Search code examples
prometheusmetricspromqlgrafana-loki

Grafana gauge for percentage error rate not showing correct calculation


I am trying to visualize the percentage of requests that resulted in error (minute by minute) via a Grafana gauge but the Gauge is not showing the correct value. For example when I execute 10 requests within a 1 minute interval - where 5 of those requests result in HTTP 200 and 5 result in HTTP 500 then I expect the Gauge to show 50% error percentage. However the value stays at 100% regardless that I have been sending successful and unsuccessful requests to the API :

gauge

This is the corresponding query :

100 * (sum(sum_over_time(total_requests_gauge{status_code!="200"}[1m]))/ on() group_left() sum(sum_over_time(total_requests_gauge[1m])))

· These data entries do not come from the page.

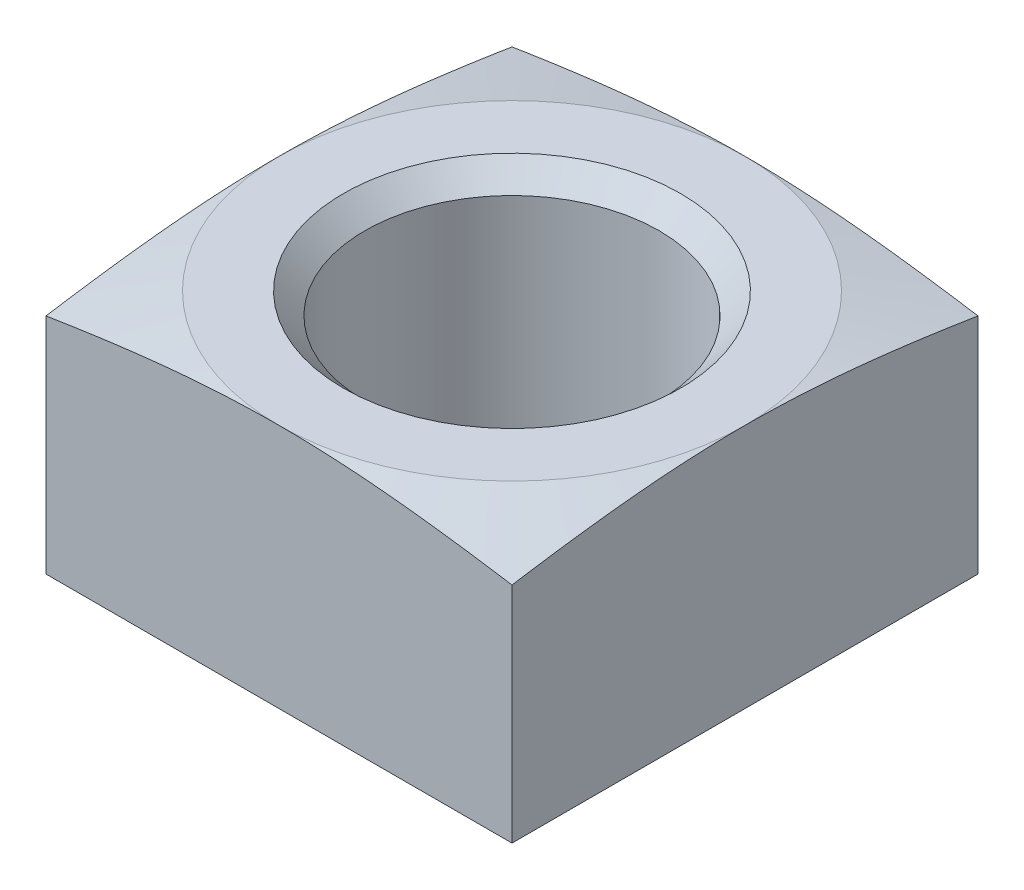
from build123d import *

# Parameters (mm, degrees)
SKETCH8_W           = 19
SKETCH8_H           = 10
BOSS_EXTRUDE2_DEPTH = 9.5
SKETCH11_R          = 6
CUT_EXTRUDE1_DEPTH  = 10
CHAMFER1_SIZE       = 0.875


with BuildPart() as part:
    # Sketch8 → Boss-Extrude2 (new, symmetric)
    with BuildSketch(Plane(origin=(0, 0, 0), x_dir=(0, 0, -1), z_dir=(1, 0, 0))):
        Rectangle(SKETCH8_W, SKETCH8_H)
    extrude(amount=BOSS_EXTRUDE2_DEPTH, both=True)

    # Sketch10 → Cut-Revolve1 (revolve, cut)
    with BuildSketch(Plane(origin=(0, 0, 0), x_dir=(0, 0, -1), z_dir=(1, 0, 0))):
        Polygon((-9.5, 5), (-13.5, 5), (-13.5, 4.1), align=None)
    revolve(axis=Axis((0, 59.838437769, 0), (0, -1, 0)), mode=Mode.SUBTRACT)

    # Sketch11 → Cut-Extrude1 (cut)
    with BuildSketch(Plane(origin=(0, 5, 0), x_dir=(1, 0, 0), z_dir=(0, 1, 0))):
        with Locations(Location((0, 0, 0), (0, 0, 270))):
            Circle(SKETCH11_R)
    extrude(amount=-CUT_EXTRUDE1_DEPTH, mode=Mode.SUBTRACT)

    # Chamfer1
    chamfer1_edges = [part.edges().sort_by_distance(p)[0] for p in [
        (0, 5, -6),
        (0, -5, -6),
    ]]
    chamfer(chamfer1_edges, length=CHAMFER1_SIZE)


solid = part.part
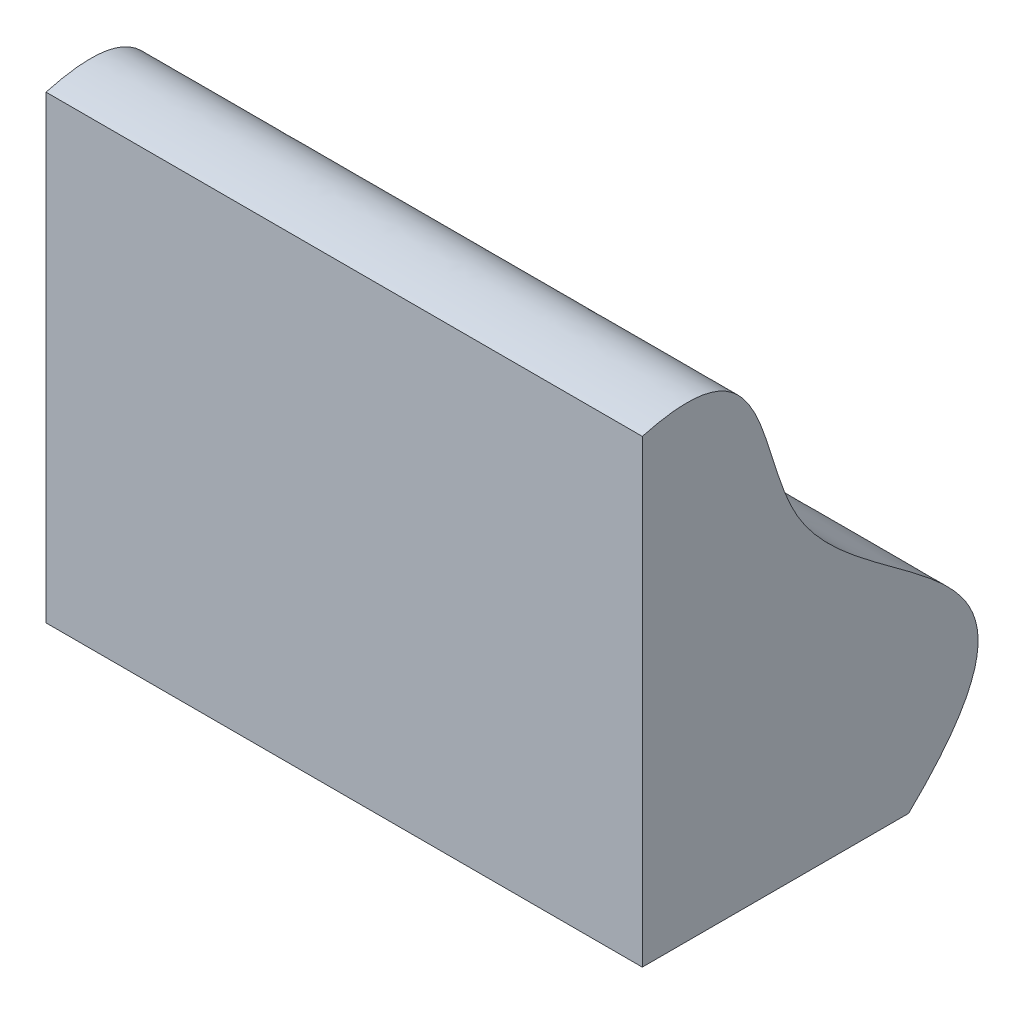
ISO-10303-21;
HEADER;
FILE_DESCRIPTION(('STEP AP214'),'2;1');
FILE_NAME('part.step','',(''),(''),'','','');
FILE_SCHEMA(('AUTOMOTIVE_DESIGN { 1 0 10303 214 1 1 1 1 }'));
ENDSEC;
DATA;
#1=APPLICATION_CONTEXT('core data for automotive mechanical design processes');
#2=APPLICATION_PROTOCOL_DEFINITION('international standard','automotive_design',2000,#1);
#3=PRODUCT_CONTEXT('',#1,'mechanical');
#4=PRODUCT('Part','Part','',(#3));
#5=PRODUCT_RELATED_PRODUCT_CATEGORY('part','',(#4));
#6=PRODUCT_DEFINITION_FORMATION('','',#4);
#7=PRODUCT_DEFINITION_CONTEXT('part definition',#1,'design');
#8=PRODUCT_DEFINITION('design','',#6,#7);
#9=PRODUCT_DEFINITION_SHAPE('','',#8);
#10=(LENGTH_UNIT() NAMED_UNIT(*) SI_UNIT(.MILLI.,.METRE.));
#11=(NAMED_UNIT(*) PLANE_ANGLE_UNIT() SI_UNIT($,.RADIAN.));
#12=(NAMED_UNIT(*) SI_UNIT($,.STERADIAN.) SOLID_ANGLE_UNIT());
#13=UNCERTAINTY_MEASURE_WITH_UNIT(LENGTH_MEASURE(1.E-05),#10,'distance_accuracy_value','');
#14=(GEOMETRIC_REPRESENTATION_CONTEXT(3) GLOBAL_UNCERTAINTY_ASSIGNED_CONTEXT((#13)) GLOBAL_UNIT_ASSIGNED_CONTEXT((#10,
#11,#12)) REPRESENTATION_CONTEXT('',''));
#15=CARTESIAN_POINT('',(0.,0.,0.));
#16=DIRECTION('',(0.,0.,1.));
#17=DIRECTION('',(1.,0.,0.));
#18=AXIS2_PLACEMENT_3D('',#15,#16,#17);
#19=CARTESIAN_POINT('',(45.,0.,0.));
#20=DIRECTION('',(0.,1.,0.));
#21=DIRECTION('',(0.,0.,1.));
#22=AXIS2_PLACEMENT_3D('',#19,#20,#21);
#23=PLANE('',#22);
#24=DIRECTION('',(0.,0.,-1.));
#25=VECTOR('',#24,1.);
#26=CARTESIAN_POINT('',(-45.,0.,0.));
#27=LINE('',#26,#25);
#28=CARTESIAN_POINT('',(-45.,0.,0.));
#29=VERTEX_POINT('',#28);
#30=CARTESIAN_POINT('',(-45.,0.,-40.1955865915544));
#31=VERTEX_POINT('',#30);
#32=EDGE_CURVE('E80',#29,#31,#27,.T.);
#33=ORIENTED_EDGE('',*,*,#32,.T.);
#34=DIRECTION('',(-1.,0.,0.));
#35=VECTOR('',#34,1.);
#36=CARTESIAN_POINT('',(45.,0.,-40.1955865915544));
#37=LINE('',#36,#35);
#38=CARTESIAN_POINT('',(45.,0.,-40.1955865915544));
#39=VERTEX_POINT('',#38);
#40=EDGE_CURVE('E11',#39,#31,#37,.T.);
#41=ORIENTED_EDGE('',*,*,#40,.F.);
#42=DIRECTION('',(0.,0.,-1.));
#43=VECTOR('',#42,1.);
#44=CARTESIAN_POINT('',(45.,0.,0.));
#45=LINE('',#44,#43);
#46=CARTESIAN_POINT('',(45.,0.,0.));
#47=VERTEX_POINT('',#46);
#48=EDGE_CURVE('E73',#47,#39,#45,.T.);
#49=ORIENTED_EDGE('',*,*,#48,.F.);
#50=DIRECTION('',(-1.,0.,0.));
#51=VECTOR('',#50,1.);
#52=CARTESIAN_POINT('',(45.,0.,0.));
#53=LINE('',#52,#51);
#54=EDGE_CURVE('E81',#47,#29,#53,.T.);
#55=ORIENTED_EDGE('',*,*,#54,.T.);
#56=EDGE_LOOP('',(#33,#41,#49,#55));
#57=FACE_BOUND('',#56,.T.);
#58=ADVANCED_FACE('F33',(#57),#23,.F.);
#59=CARTESIAN_POINT('',(45.,0.,-40.1955865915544));
#60=CARTESIAN_POINT('',(45.,26.4118392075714,-67.6909164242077));
#61=CARTESIAN_POINT('',(45.,31.2232006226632,-12.9541501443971));
#62=CARTESIAN_POINT('',(45.,74.6922970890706,-19.6192986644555));
#63=CARTESIAN_POINT('',(45.,69.3772952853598,0.));
#64=B_SPLINE_CURVE_WITH_KNOTS('',3,(#59,#60,#61,#62,#63),.UNSPECIFIED.,.F.,.F.,(4,1,4),(0.,
0.623022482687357,1.),.UNSPECIFIED.);
#65=DIRECTION('',(-1.,0.,0.));
#66=VECTOR('',#65,1.);
#67=SURFACE_OF_LINEAR_EXTRUSION('',#64,#66);
#68=CARTESIAN_POINT('',(-45.,0.,-40.1955865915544));
#69=CARTESIAN_POINT('',(-45.,26.4118392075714,-67.6909164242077));
#70=CARTESIAN_POINT('',(-45.,31.2232006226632,-12.9541501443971));
#71=CARTESIAN_POINT('',(-45.,74.6922970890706,-19.6192986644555));
#72=CARTESIAN_POINT('',(-45.,69.3772952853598,0.));
#73=B_SPLINE_CURVE_WITH_KNOTS('',3,(#68,#69,#70,#71,#72),.UNSPECIFIED.,.F.,.F.,(4,1,4),(0.,
0.623022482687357,1.),.UNSPECIFIED.);
#74=CARTESIAN_POINT('',(-45.,69.3772952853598,0.));
#75=VERTEX_POINT('',#74);
#76=EDGE_CURVE('E61',#31,#75,#73,.T.);
#77=ORIENTED_EDGE('',*,*,#76,.T.);
#78=DIRECTION('',(-1.,0.,0.));
#79=VECTOR('',#78,1.);
#80=CARTESIAN_POINT('',(45.,69.3772952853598,0.));
#81=LINE('',#80,#79);
#82=CARTESIAN_POINT('',(45.,69.3772952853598,0.));
#83=VERTEX_POINT('',#82);
#84=EDGE_CURVE('E41',#83,#75,#81,.T.);
#85=ORIENTED_EDGE('',*,*,#84,.F.);
#86=EDGE_CURVE('E69',#39,#83,#64,.T.);
#87=ORIENTED_EDGE('',*,*,#86,.F.);
#88=ORIENTED_EDGE('',*,*,#40,.T.);
#89=EDGE_LOOP('',(#77,#85,#87,#88));
#90=FACE_BOUND('',#89,.T.);
#91=ADVANCED_FACE('F70',(#90),#67,.F.);
#92=CARTESIAN_POINT('',(45.,0.,0.));
#93=DIRECTION('',(0.,0.,-1.));
#94=DIRECTION('',(-1.,0.,0.));
#95=AXIS2_PLACEMENT_3D('',#92,#93,#94);
#96=PLANE('',#95);
#97=DIRECTION('',(0.,-1.,0.));
#98=VECTOR('',#97,1.);
#99=CARTESIAN_POINT('',(-45.,0.,0.));
#100=LINE('',#99,#98);
#101=EDGE_CURVE('E66',#75,#29,#100,.T.);
#102=ORIENTED_EDGE('',*,*,#101,.T.);
#103=ORIENTED_EDGE('',*,*,#54,.F.);
#104=DIRECTION('',(0.,-1.,0.));
#105=VECTOR('',#104,1.);
#106=CARTESIAN_POINT('',(45.,0.,0.));
#107=LINE('',#106,#105);
#108=EDGE_CURVE('E49',#83,#47,#107,.T.);
#109=ORIENTED_EDGE('',*,*,#108,.F.);
#110=ORIENTED_EDGE('',*,*,#84,.T.);
#111=EDGE_LOOP('',(#102,#103,#109,#110));
#112=FACE_BOUND('',#111,.T.);
#113=ADVANCED_FACE('F93',(#112),#96,.F.);
#114=CARTESIAN_POINT('',(45.,38.2071128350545,-31.5331164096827));
#115=DIRECTION('',(-1.,0.,0.));
#116=DIRECTION('',(0.,0.,1.));
#117=AXIS2_PLACEMENT_3D('',#114,#115,#116);
#118=PLANE('',#117);
#119=ORIENTED_EDGE('',*,*,#48,.T.);
#120=ORIENTED_EDGE('',*,*,#86,.T.);
#121=ORIENTED_EDGE('',*,*,#108,.T.);
#122=EDGE_LOOP('',(#119,#120,#121));
#123=FACE_BOUND('',#122,.T.);
#124=ADVANCED_FACE('F76',(#123),#118,.F.);
#125=CARTESIAN_POINT('',(-45.,38.2071128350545,-31.5331164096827));
#126=DIRECTION('',(-1.,0.,0.));
#127=DIRECTION('',(0.,0.,1.));
#128=AXIS2_PLACEMENT_3D('',#125,#126,#127);
#129=PLANE('',#128);
#130=ORIENTED_EDGE('',*,*,#32,.F.);
#131=ORIENTED_EDGE('',*,*,#101,.F.);
#132=ORIENTED_EDGE('',*,*,#76,.F.);
#133=EDGE_LOOP('',(#130,#131,#132));
#134=FACE_BOUND('',#133,.T.);
#135=ADVANCED_FACE('F94',(#134),#129,.T.);
#136=CLOSED_SHELL('',(#58,#91,#113,#124,#135));
#137=MANIFOLD_SOLID_BREP('B2',#136);
#138=ADVANCED_BREP_SHAPE_REPRESENTATION('',(#18,#137),#14);
#139=SHAPE_DEFINITION_REPRESENTATION(#9,#138);
ENDSEC;
END-ISO-10303-21;

I have configured the Gauge unit to Percent :

percent

On the client side this is how I have set up the Prometheus exporter :

MetricsReporter.cs

public class MetricReporter
{
private readonly ILogger<MetricReporter> _logger;
private readonly Counter _requestCounter;
private readonly Gauge _requestGauge;
private readonly Histogram _responseTimeHistogram;
    public MetricReporter(ILogger<MetricReporter> logger)
{
    _logger = logger ?? throw new ArgumentNullException(nameof(logger));

    _requestCounter = Metrics.CreateCounter("total_requests", "The total number of requests serviced by this API.");
    _requestGauge = Metrics.CreateGauge("total_requests_gauge", "The total number of requests serviced by this API.");

    _responseTimeHistogram = Metrics.CreateHistogram("request_duration_seconds",
        "The duration in seconds between the response to a request.", new HistogramConfiguration
        {
            Buckets = Histogram.ExponentialBuckets(0.01, 2, 10),
            LabelNames = new[] { "status_code", "method" , "path"}
        });
}

public void RegisterRequest()
{
    _requestCounter.Inc();
    _requestGauge.Inc();
}

public void RegisterResponseTime(int statusCode, string method,string path, TimeSpan elapsed)
{
    _responseTimeHistogram.Labels(statusCode.ToString(), method, path).Observe(elapsed.TotalSeconds);
}

}

Prometheus is scrapping the metrics correctly at http://localhost:9090 as well as the API endpoint at http://localhost:80/metrics

I also have an endpoint that always returns error responses :

[AllowAnonymous]
    [HttpPost("problem")]
    public IActionResult Problem([FromBody] RegisterModel model)
    {
        //always returns HTTP 500 error      
            return Problem();
    }

What am I missing?


Solution

  • You are using the wrong prometheus function for this use case - sum_over_time(). Rather I would increase() for easy calculation.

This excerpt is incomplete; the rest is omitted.